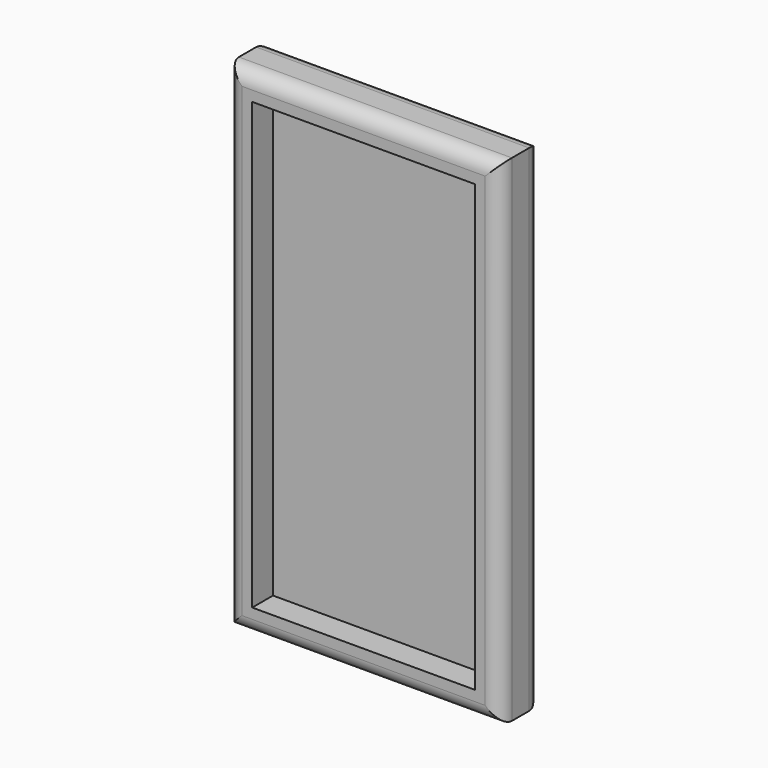
from build123d import *

# Parameters (mm, degrees)
F0_W        = 76.2
F0_H        = 152.4
F1_DEPTH    = 8.89
F2_T        = 8.636
F3_T1_DEPTH = 118.872
F3_T3_DEPTH = 195.072


# Not quite as in the source:
# - a fillet or chamfer that OpenCascade refuses, or shapes differently, is made with other operations: its cross-section is extruded or revolved along the edge and cut away or added


with BuildPart() as f1:
    # F0 (on Front) → F1 (new body)
    with BuildSketch(Plane.XZ):
        with Locations((1.7131138593, 3.2272135141)):
            Rectangle(F0_W, F0_H)
    extrude(amount=F1_DEPTH)

    # F2
    f2_openings = [f1.faces().sort_by_distance(p)[0] for p in [
        (1.713114, -8.89, 3.227214),
    ]]
    offset(amount=F2_T, openings=f2_openings, kind=Kind.INTERSECTION)

    # F3: fillet of radius 5.08 on 8 edges, made by hand

    # F3_s2 → F3_t1 (cut)
    with BuildSketch(Plane.YZ.offset(-57.7228861407)):
        with BuildLine():
            ThreePointArc((-8.89, -76.5287864859), (-7.4021024484, -80.1208889343), (-3.81, -81.6087864859))
            Line((-3.81, -81.6087864859), (-8.89, -81.6087864859))
            Line((-8.89, -81.6087864859), (-8.89, -76.5287864859))
        make_face()
        with BuildLine():
            ThreePointArc((-8.89, 82.9832135141), (-7.4021024484, 86.5753159626), (-3.81, 88.0632135141))
            Line((-3.81, 88.0632135141), (-8.89, 88.0632135141))
            Line((-8.89, 88.0632135141), (-8.89, 82.9832135141))
        make_face()
        with BuildLine():
            ThreePointArc((3.556, 88.0632135141), (7.1481024484, 86.5753159626), (8.636, 82.9832135141))
            Line((8.636, 82.9832135141), (8.636, 88.0632135141))
            Line((8.636, 88.0632135141), (3.556, 88.0632135141))
        make_face()
        with BuildLine():
            ThreePointArc((3.556, -81.6087864859), (7.1481024484, -80.1208889343), (8.636, -76.5287864859))
            Line((8.636, -76.5287864859), (8.636, -81.6087864859))
            Line((8.636, -81.6087864859), (3.556, -81.6087864859))
        make_face()
    extrude(amount=F3_T1_DEPTH, mode=Mode.SUBTRACT)

    # F3_s4 → F3_t3 (cut)
    with BuildSketch(Plane.XY.offset(-94.3087864859)):
        with BuildLine():
            ThreePointArc((43.3691138593, -8.89), (46.9612163077, -7.4021024484), (48.4491138593, -3.81))
            Line((48.4491138593, -3.81), (48.4491138593, -8.89))
            Line((48.4491138593, -8.89), (43.3691138593, -8.89))
        make_face()
        with BuildLine():
            ThreePointArc((-39.9428861407, -8.89), (-43.5349885891, -7.4021024484), (-45.0228861407, -3.81))
            Line((-45.0228861407, -3.81), (-45.0228861407, -8.89))
            Line((-45.0228861407, -8.89), (-39.9428861407, -8.89))
        make_face()
        with BuildLine():
            ThreePointArc((-45.0228861407, 3.556), (-43.5349885891, 7.1481024484), (-39.9428861407, 8.636))
            Line((-39.9428861407, 8.636), (-45.0228861407, 8.636))
            Line((-45.0228861407, 8.636), (-45.0228861407, 3.556))
        make_face()
        with BuildLine():
            ThreePointArc((48.4491138593, 3.556), (46.9612163077, 7.1481024484), (43.3691138593, 8.636))
            Line((43.3691138593, 8.636), (48.4491138593, 8.636))
            Line((48.4491138593, 8.636), (48.4491138593, 3.556))
        make_face()
    extrude(amount=F3_T3_DEPTH, mode=Mode.SUBTRACT)


solid = f1.part

- Task to carry out -
Exactly reproduce the entries above, minus the pictures.

- Solution -
from build123d import *

# Parameters (mm, degrees)
F0_W        = 76.2
F0_H        = 152.4
F1_DEPTH    = 8.89
F2_T        = 8.636
F3_T1_DEPTH = 118.872
F3_T3_DEPTH = 195.072


# Not quite as in the source:
# - a fillet or chamfer that OpenCascade refuses, or shapes differently, is made with other operations: its cross-section is extruded or revolved along the edge and cut away or added


with BuildPart() as f1:
    # F0 (on Front) → F1 (new body)
    with BuildSketch(Plane.XZ):
        with Locations((1.7131138593, 3.2272135141)):
            Rectangle(F0_W, F0_H)
    extrude(amount=F1_DEPTH)

    # F2
    f2_openings = [f1.faces().sort_by_distance(p)[0] for p in [
        (1.713114, -8.89, 3.227214),
    ]]
    offset(amount=F2_T, openings=f2_openings, kind=Kind.INTERSECTION)

    # F3: fillet of radius 5.08 on 8 edges, made by hand

    # F3_s2 → F3_t1 (cut)
    with BuildSketch(Plane.YZ.offset(-57.7228861407)):
        with BuildLine():
            ThreePointArc((-8.89, -76.5287864859), (-7.4021024484, -80.1208889343), (-3.81, -81.6087864859))
            Line((-3.81, -81.6087864859), (-8.89, -81.6087864859))
            Line((-8.89, -81.6087864859), (-8.89, -76.5287864859))
        make_face()
        with BuildLine():
            ThreePointArc((-8.89, 82.9832135141), (-7.4021024484, 86.5753159626), (-3.81, 88.0632135141))
            Line((-3.81, 88.0632135141), (-8.89, 88.0632135141))
            Line((-8.89, 88.0632135141), (-8.89, 82.9832135141))
        make_face()
        with BuildLine():
            ThreePointArc((3.556, 88.0632135141), (7.1481024484, 86.5753159626), (8.636, 82.9832135141))
            Line((8.636, 82.9832135141), (8.636, 88.0632135141))
            Line((8.636, 88.0632135141), (3.556, 88.0632135141))
        make_face()
        with BuildLine():
            ThreePointArc((3.556, -81.6087864859), (7.1481024484, -80.1208889343), (8.636, -76.5287864859))
            Line((8.636, -76.5287864859), (8.636, -81.6087864859))
            Line((8.636, -81.6087864859), (3.556, -81.6087864859))
        make_face()
    extrude(amount=F3_T1_DEPTH, mode=Mode.SUBTRACT)

    # F3_s4 → F3_t3 (cut)
    with BuildSketch(Plane.XY.offset(-94.3087864859)):
        with BuildLine():
            ThreePointArc((43.3691138593, -8.89), (46.9612163077, -7.4021024484), (48.4491138593, -3.81))
            Line((48.4491138593, -3.81), (48.4491138593, -8.89))
            Line((48.4491138593, -8.89), (43.3691138593, -8.89))
        make_face()
        with BuildLine():
            ThreePointArc((-39.9428861407, -8.89), (-43.5349885891, -7.4021024484), (-45.0228861407, -3.81))
            Line((-45.0228861407, -3.81), (-45.0228861407, -8.89))
            Line((-45.0228861407, -8.89), (-39.9428861407, -8.89))
        make_face()
        with BuildLine():
            ThreePointArc((-45.0228861407, 3.556), (-43.5349885891, 7.1481024484), (-39.9428861407, 8.636))
            Line((-39.9428861407, 8.636), (-45.0228861407, 8.636))
            Line((-45.0228861407, 8.636), (-45.0228861407, 3.556))
        make_face()
        with BuildLine():
            ThreePointArc((48.4491138593, 3.556), (46.9612163077, 7.1481024484), (43.3691138593, 8.636))
            Line((43.3691138593, 8.636), (48.4491138593, 8.636))
            Line((48.4491138593, 8.636), (48.4491138593, 3.556))
        make_face()
    extrude(amount=F3_T3_DEPTH, mode=Mode.SUBTRACT)


solid = f1.part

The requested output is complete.